JF Ptak Science Books (Earlier post, expanded)
This book review on the use of narcotics to induce sleep in treating the insane appeared in the New York Journal of Medicine for 1846. The book, An Essay on the Use of Narcotics, and other remedial Agents calculated to produce Sleep in the Treatment of Insanity…., was written by Joseph Williams, M.D., and was published in London in 1845. The theory behind the sleep treatment was that the basic mechanism of insanity was “cerebral inflammation” or “excessive vascular action” in the brain—inducing deep sleep, evidently, was a good way to combat the over-active brain.

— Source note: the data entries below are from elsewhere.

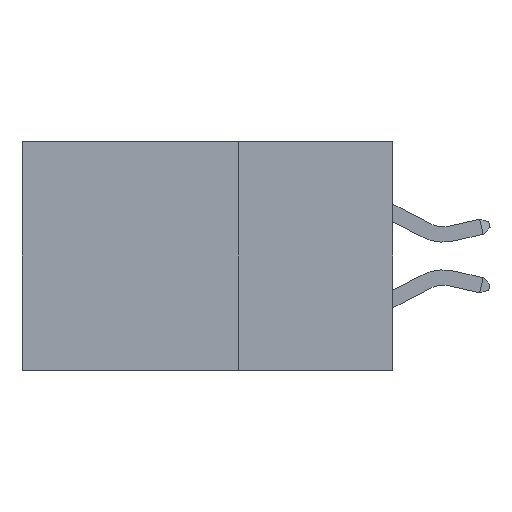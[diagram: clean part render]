
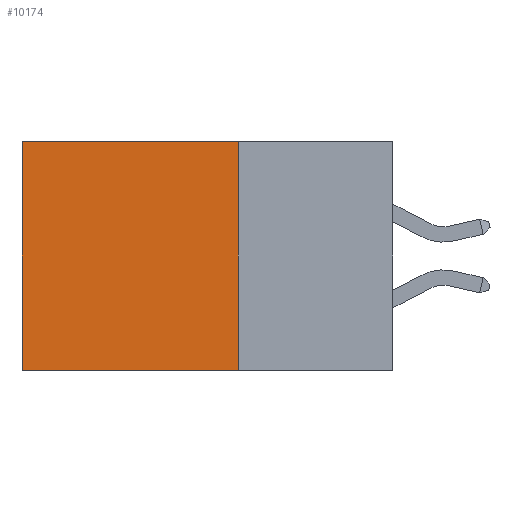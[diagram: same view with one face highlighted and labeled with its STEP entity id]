
A CAD part, left-side view. The second image highlights one B-rep face of the part: STEP entity #10174.
In plain terms, the highlighted planar face has unit normal (-1, 0, 0).
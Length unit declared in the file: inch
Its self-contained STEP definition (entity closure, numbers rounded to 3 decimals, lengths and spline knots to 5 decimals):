
#28 = ORIENTED_EDGE ( 'NONE', *, *, #2274, .T. ) ;
#854 = EDGE_LOOP ( 'NONE', ( #28, #24613, #7563, #8857 ) ) ;
#942 = EDGE_CURVE ( 'NONE', #14118, #18354, #12754, .T. ) ;
#1800 = CARTESIAN_POINT ( 'NONE',  ( 0.2875, 0.6, 0. ) ) ;
#2223 = CARTESIAN_POINT ( 'NONE',  ( 0.2875, 0.25, 0. ) ) ;
#2274 = EDGE_CURVE ( 'NONE', #22780, #18354, #12690, .T. ) ;
#2605 = VECTOR ( 'NONE', #22776, 39.37008 ) ;
#2852 = DIRECTION ( 'NONE',  ( 1., 0., 0. ) ) ;
#3905 = EDGE_CURVE ( 'NONE', #4348, #14118, #23545, .T. ) ;
#4348 = VERTEX_POINT ( 'NONE', #19640 ) ;
#4690 = DIRECTION ( 'NONE',  ( 0., 0., -1. ) ) ;
#5087 = CARTESIAN_POINT ( 'NONE',  ( 0.2875, 0.25, -0.37 ) ) ;
#6265 = VECTOR ( 'NONE', #10022, 39.37008 ) ;
#6880 = LINE ( 'NONE', #2223, #6265 ) ;
#7563 = ORIENTED_EDGE ( 'NONE', *, *, #3905, .F. ) ;
#7616 = CARTESIAN_POINT ( 'NONE',  ( 0.2875, 0.25, 0. ) ) ;
#8857 = ORIENTED_EDGE ( 'NONE', *, *, #12501, .T. ) ;
#10022 = DIRECTION ( 'NONE',  ( 0., 1., 0. ) ) ;
#10174 = ADVANCED_FACE ( 'NONE', ( #20199 ), #16109, .F. ) ;
#11380 = AXIS2_PLACEMENT_3D ( 'NONE', #19995, #2852, #16276 ) ;
#12501 = EDGE_CURVE ( 'NONE', #4348, #22780, #6880, .T. ) ;
#12690 = LINE ( 'NONE', #1800, #22130 ) ;
#12754 = LINE ( 'NONE', #15981, #22808 ) ;
#14118 = VERTEX_POINT ( 'NONE', #5087 ) ;
#15981 = CARTESIAN_POINT ( 'NONE',  ( 0.2875, 0.25, -0.37 ) ) ;
#16109 = PLANE ( 'NONE',  #11380 ) ;
#16151 = DIRECTION ( 'NONE',  ( 0., 1., 0. ) ) ;
#16276 = DIRECTION ( 'NONE',  ( 0., 0., -1. ) ) ;
#16906 = CARTESIAN_POINT ( 'NONE',  ( 0.2875, 0.6, -0.37 ) ) ;
#18354 = VERTEX_POINT ( 'NONE', #16906 ) ;
#19640 = CARTESIAN_POINT ( 'NONE',  ( 0.2875, 0.25, 0. ) ) ;
#19995 = CARTESIAN_POINT ( 'NONE',  ( 0.2875, 0.25, 0. ) ) ;
#20199 = FACE_OUTER_BOUND ( 'NONE', #854, .T. ) ;
#20567 = CARTESIAN_POINT ( 'NONE',  ( 0.2875, 0.6, 0. ) ) ;
#22130 = VECTOR ( 'NONE', #4690, 39.37008 ) ;
#22776 = DIRECTION ( 'NONE',  ( 0., 0., -1. ) ) ;
#22780 = VERTEX_POINT ( 'NONE', #20567 ) ;
#22808 = VECTOR ( 'NONE', #16151, 39.37008 ) ;
#23545 = LINE ( 'NONE', #7616, #2605 ) ;
#24613 = ORIENTED_EDGE ( 'NONE', *, *, #942, .F. ) ;

The article itself comes at an odd time in the history of the treatment of the insane. It came almost 40 years after the establishment of McLean Hospital (first known as the "Asylum for the Insane," a division of the Massachusetts General Hospital), which opened on Oct. 1, 1818, and was the first hospital dedicated to the treatment of the insane in the U.S. It came 70 years after the great advances of Benjamin Rush, who elevated the “Mental Patient” from chains on the floor to the status of medical or nervous illness or disease. The use of narcotics over this period seems to have surged and waned. In 1879, in an article in the New York Times, the reputation of the Asylum for the Insane on Ward’s Island in NYC was considered—and one of the high points was that it had (largely) discontinued the use of narcotics. (There were still problems, of course, what with the asylum being overcrowded, housing 1100 in an institution meant to house 700, and where the chores and even nursing positions were staffed by the inmates, who were feed on 32 cents a day.) As late as 1921, though, Jacob Alter Goldberg notes in his Social Aspects of the Treatment of the Insane, that there was a new, sharp increase in “toxic narcotic” treatments of the insane. Of course, I guess one could replace “narcotic” with some sort of other misplaced treatment, like shock therapy, or Freudian mélanges, or something. Each age must necessarily have their entry in the encyclopedia of embarrassments
In this article we find sleep assaulted by the use of the following: purgatives (“to subdue vascular action when the propriety of bleeding is doubtful’), emetics, opium (to be used “in cases of high nervous excitability and in puerperal mania”), morphia (“the most valuable remedy for calming excitement”), hyosciamus (“to produce sleep, tranquilizing the irritability of the insane”). It is weird to see that the last sentence in the description of hyosciamus reads “some fatal cases have occurred from exhibiting henbane as an enema”.
A narcotic enema? Still to come in the review is conium (“I have used it frequently and in large doses…it is chiefly valuable as a deobstruent and alternative”, followed by camphor, Belladonna, hydrocyanic acid, colchirum, stramonium aconite, and others. “Warm baths’ makes an appearance (“90 degrees may be considered to be the best temperature for a warm bath for the insane”), as do cold baths, and the applications of ice caps.
I’m not so sure about what to make of it all, the sleep treatment of insanity I mean—after all, Joseph Lister only makes his epochal pronouncements on cleanliness in the operating theatre 15 or so years after this paper, which seems today to be the most rudimentary thing that one could do in treatment in the surgical room, so treating extra blood in the brain through drug-induced sleep doesn’t seem all that far away from the realm of possibility back there in early Victorian England.
I don’t think I’ll forget the toxic narcotic enema any time soon, though. Or the word “deobstruent”.